▸ **WORK INSTRUCTION**
Return a verbatim reproduction of each line, starting at the line with "Board: 2 copper" and ending at the last line of the listing below.

▸ **ENTRIES SHOWN**
━━━━━━━━

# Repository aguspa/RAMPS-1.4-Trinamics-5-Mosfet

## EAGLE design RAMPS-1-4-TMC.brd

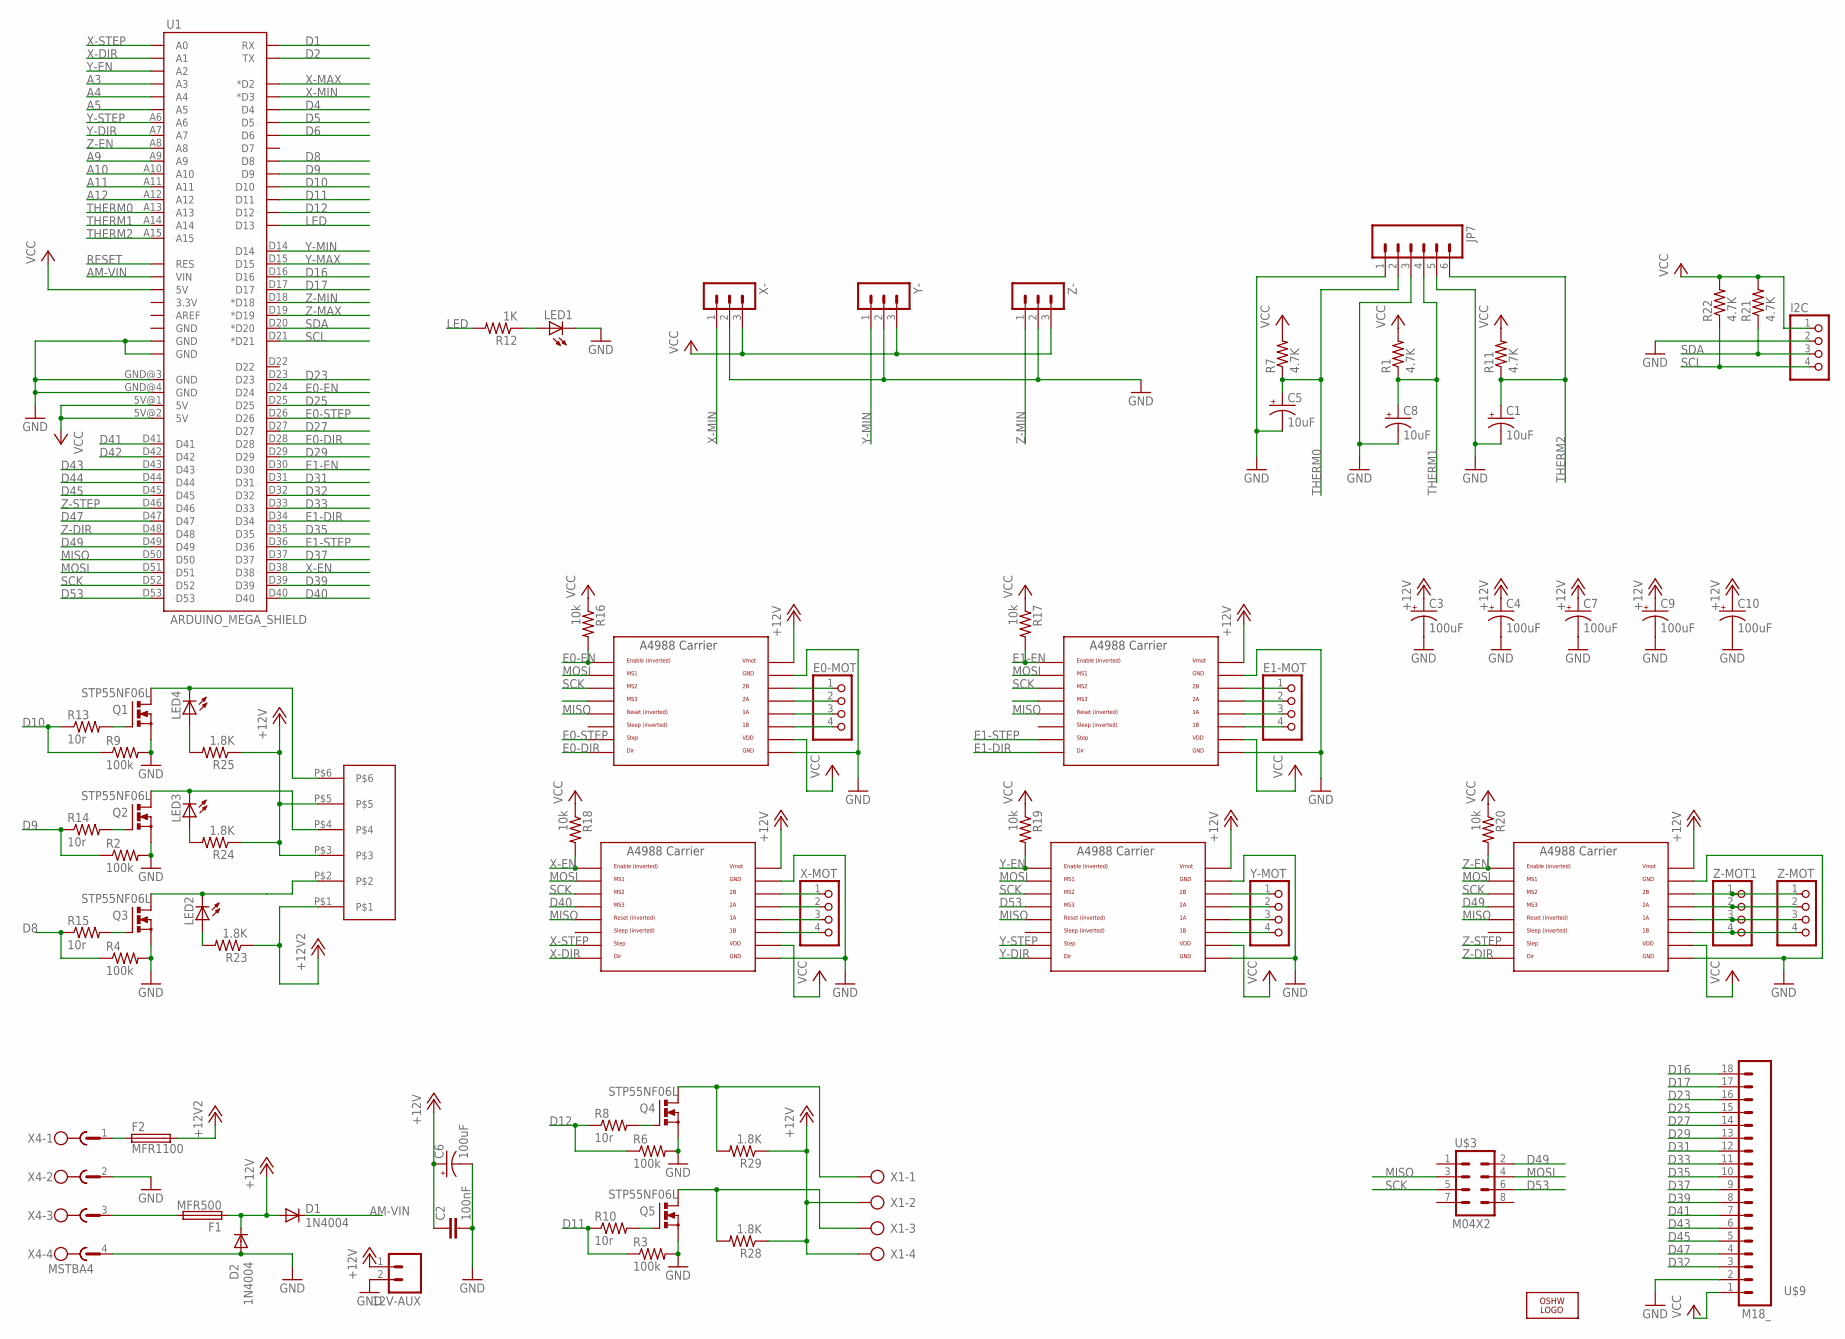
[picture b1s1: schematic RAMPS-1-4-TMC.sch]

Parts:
12V-AUX: M02PTH; 1X02
C1, C5, C8: 10uF; 153CLV-0405
C2: 100nF; C0805
C3, C4, C6, C7, C9, C10: 100uF; 153CLV-0605
D1, D2: 1N4004; DO41-10
E0-MOT, E1-MOT: PINHD-1X4; 1X04
F1: MFR500
F2: MFR1100
I2C: PINHD-1X4; 1X04
JP7: M06SIP; 1X06
LED1, LED2, LED3, LED4: LEDCHIP-LED0805; CHIP-LED0805
LOGO1: OSHW_LOGO_6MILX0100-NT; OSHW_6X100_NOTEXT
Q1, Q2, Q3, Q4, Q5: STP55NF06L; TO220BV
R1, R7, R11, R21, R22: 4.7K; R0805
R2, R3, R4, R6, R9: 100k; R0805
R8, R13, R15: 10r; R0805
R10, R14: 10r; M0805
R12: 1K; R0805
R16, R17, R18, R19, R20: 10k; R0805
R23, R24, R25, R28, R29: 1.8K; R0805
U1: ARDUINO_MEGA_SHIELD
U$2: 282837-6
U$3: M04X2; 2X4
U$4, U$5, U$6, U$7, U$8: A4988BREAKOUT
U$9: M18_; 1X18
X1: AK500/4
X4: MSTBA4
X-: 3PIN-HEADER
X-MOT: PINHD-1X4; 1X04
Y-: 3PIN-HEADER
Y-MOT: PINHD-1X4; 1X04
Z-: 3PIN-HEADER
Z-MOT, Z-MOT1: PINHD-1X4; 1X04

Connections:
+12V: 12V-AUX.1, C2.1, C3.+, C4.+, C6.+, C7.+, C9.+, C10.+, D1.A, D2.C, F1.1, R24.1, R25.1, R28.1, R29.1, U$2.P$3, U$2.P$5, U$4.VMOT, U$5.VMOT, U$6.VMOT, U$7.VMOT, U$8.VMOT, X1.2, X1.4
+12V2: F2.2, R23.1, U$2.P$1
A3: U1.A3
A4: U1.A4
A5: U1.A5
A9: U1.A9
A10: U1.A10
A11: U1.A11
A12: U1.A12
AM-VIN: D1.C, U1.VIN
D1: U1.RX
D2: U1.TX
D4: U1.D4
D5: U1.D5
D6: U1.D6
D8: R4.1, R15.1, U1.D8
D9: R2.1, R14.1, U1.D9
D10: R9.1, R13.1, U1.D10
D11: R3.1, R10.1, U1.D11
D12: R6.1, R8.1, U1.D12
D16: U1.D16, U$9.18
D17: U1.D17, U$9.17
D23: U1.D23, U$9.16
D25: U1.D25, U$9.15
D27: U1.D27, U$9.14
D29: U1.D29, U$9.13
D31: U1.D31, U$9.12
D32: U1.D32, U$9.3
D33: U1.D33, U$9.11
D35: U1.D35, U$9.10
D37: U1.D37, U$9.9
D39: U1.D39, U$9.8
D40: U1.D40, U$6.MS3
D41: U1.D41, U$9.7
D42: U1.D42
D43: U1.D43, U$9.6
D44: U1.D44
D45: U1.D45, U$9.5
D47: U1.D47, U$9.4
D49: U1.D49, U$3.2, U$8.MS3
D53: U1.D53, U$3.6, U$7.MS3
E0-DIR: U1.D28, U$4.DIR
E0-EN: R16.2, U1.D24, U$4.EN
E0-STEP: U1.D26, U$4.STEP
E1-DIR: U1.D34, U$5.DIR
E1-EN: R17.2, U1.D30, U$5.EN
E1-STEP: U1.D36, U$5.STEP
GND: 12V-AUX.2, C1.-, C2.2, C3.-, C4.-, C5.-, C6.-, C7.-, C8.-, C9.-, C10.-, D2.A, I2C.2, JP7.1, JP7.3, JP7.5, LED1.C, Q1.S, Q2.S, Q3.S, Q4.S, Q5.S, R2.2, R3.2, R4.2, R6.2, R9.2, U1.GND@0 (GND), U1.GND@1 (GND), U1.GND@3 (GND), U1.GND@4 (GND), U$4.GND, U$4.GND@0 (GND), U$5.GND, U$5.GND@0 (GND), U$6.GND, U$6.GND@0 (GND), U$7.GND, U$7.GND@0 (GND), U$8.GND, U$8.GND@0 (GND), U$9.2, X4.2, X4.4, X-.2, Y-.2, Z-.2
LED: R12.2, U1.D13
MISO: U1.D50, U$3.3, U$4.RST, U$5.RST, U$6.RST, U$7.RST, U$8.RST
MOSI: U1.D51, U$3.4, U$4.MS1, U$5.MS1, U$6.MS1, U$7.MS1, U$8.MS1
unnamed: LED3.C, Q2.D, U$2.P$4
unnamed: E0-MOT.1, U$4.2B
unnamed: E0-MOT.2, U$4.2A
unnamed: LED4.C, Q1.D, U$2.P$6
unnamed: Q4.D, R29.2, X1.1
unnamed: Q5.G, R10.2
unnamed: E0-MOT.3, U$4.1A
unnamed: E0-MOT.4, U$4.1B
unnamed: E1-MOT.1, U$5.2B
unnamed: E1-MOT.2, U$5.2A
unnamed: Q4.G, R8.2
unnamed: E1-MOT.3, U$5.1A
unnamed: E1-MOT.4, U$5.1B
unnamed: Q5.D, R28.2, X1.3
unnamed: U$6.2B, X-MOT.1
unnamed: U$6.2A, X-MOT.2
unnamed: U$6.1A, X-MOT.3
unnamed: U$6.1B, X-MOT.4
unnamed: U$7.2B, Y-MOT.1
unnamed: U$7.2A, Y-MOT.2
unnamed: U$7.1A, Y-MOT.3
unnamed: LED2.A, R23.2
unnamed: U$7.1B, Y-MOT.4
unnamed: U$8.2B, Z-MOT.1, Z-MOT1.1
unnamed: U$8.2A, Z-MOT.2, Z-MOT1.2
unnamed: U$8.1A, Z-MOT.3, Z-MOT1.3
unnamed: U$8.1B, Z-MOT.4, Z-MOT1.4
unnamed: LED3.A, R24.2
unnamed: LED1.A, R12.1
unnamed: Q2.G, R14.2
unnamed: Q1.G, R13.2
unnamed: Q3.G, R15.2
unnamed: LED4.A, R25.2
unnamed: LED2.C, Q3.D, U$2.P$2
unnamed: F2.1, X4.1
unnamed: F1.2, X4.3
RESET: U1.RES
SCK: U1.D52, U$3.5, U$4.MS2, U$5.MS2, U$6.MS2, U$7.MS2, U$8.MS2
SCL: I2C.4, R22.1, U1.D21 (*D21)
SDA: I2C.3, R21.1, U1.D20 (*D20)
THERM0: C5.+, JP7.2, R7.1, U1.A13
THERM1: C8.+, JP7.4, R1.1, U1.A14
THERM2: C1.+, JP7.6, R11.1, U1.A15
VCC: I2C.1, R1.2, R7.2, R11.2, R16.1, R17.1, R18.1, R19.1, R20.1, R21.2, R22.2, U1.5V@0 (5V), U1.5V@1 (5V), U1.5V@2 (5V), U$4.VDD, U$5.VDD, U$6.VDD, U$7.VDD, U$8.VDD, U$9.1, X-.3, Y-.3, Z-.3
X-DIR: U1.A1, U$6.DIR
X-EN: R18.2, U1.D38, U$6.EN
X-MAX: U1.D2 (*D2)
X-MIN: U1.D3 (*D3), X-.1
X-STEP: U1.A0, U$6.STEP
Y-DIR: U1.A7, U$7.DIR
Y-EN: R19.2, U1.A2, U$7.EN
Y-MAX: U1.D15
Y-MIN: U1.D14, Y-.1
Y-STEP: U1.A6, U$7.STEP
Z-DIR: U1.D48, U$8.DIR
Z-EN: R20.2, U1.A8, U$8.EN
Z-MAX: U1.D19 (*D19)
Z-MIN: U1.D18 (*D18), Z-.1
Z-STEP: U1.D46, U$8.STEP

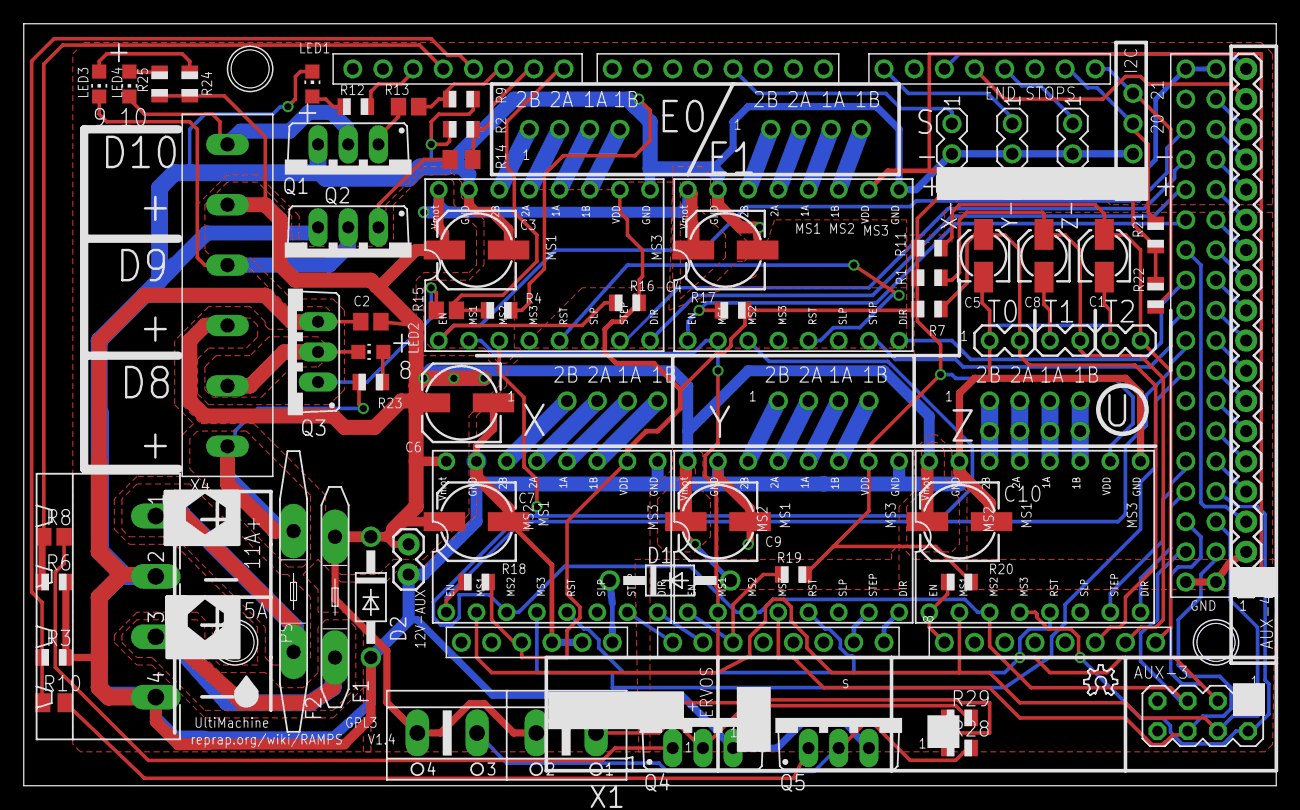
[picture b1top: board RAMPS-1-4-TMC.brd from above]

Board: 2 copper layers, 105.4 x 64.1 mm, 73 parts (0 on the bottom side), 92 nets.

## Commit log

2018-04-01 Initial modified version

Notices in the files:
RAMPS-1-4-TMC.brd:
GPL3
GPL v3
RAMPS-1-4-TMC.sch:
Copyright 2011 Johnny Russell

━━━━━━━━

▸ **REPLY**
Board: 2 copper layers, 105.4 x 64.1 mm, 73 parts (0 on the bottom side), 92 nets.

## Commit log

2018-04-01 Initial modified version

Notices in the files:
RAMPS-1-4-TMC.brd:
GPL3
GPL v3
RAMPS-1-4-TMC.sch:
Copyright 2011 Johnny Russell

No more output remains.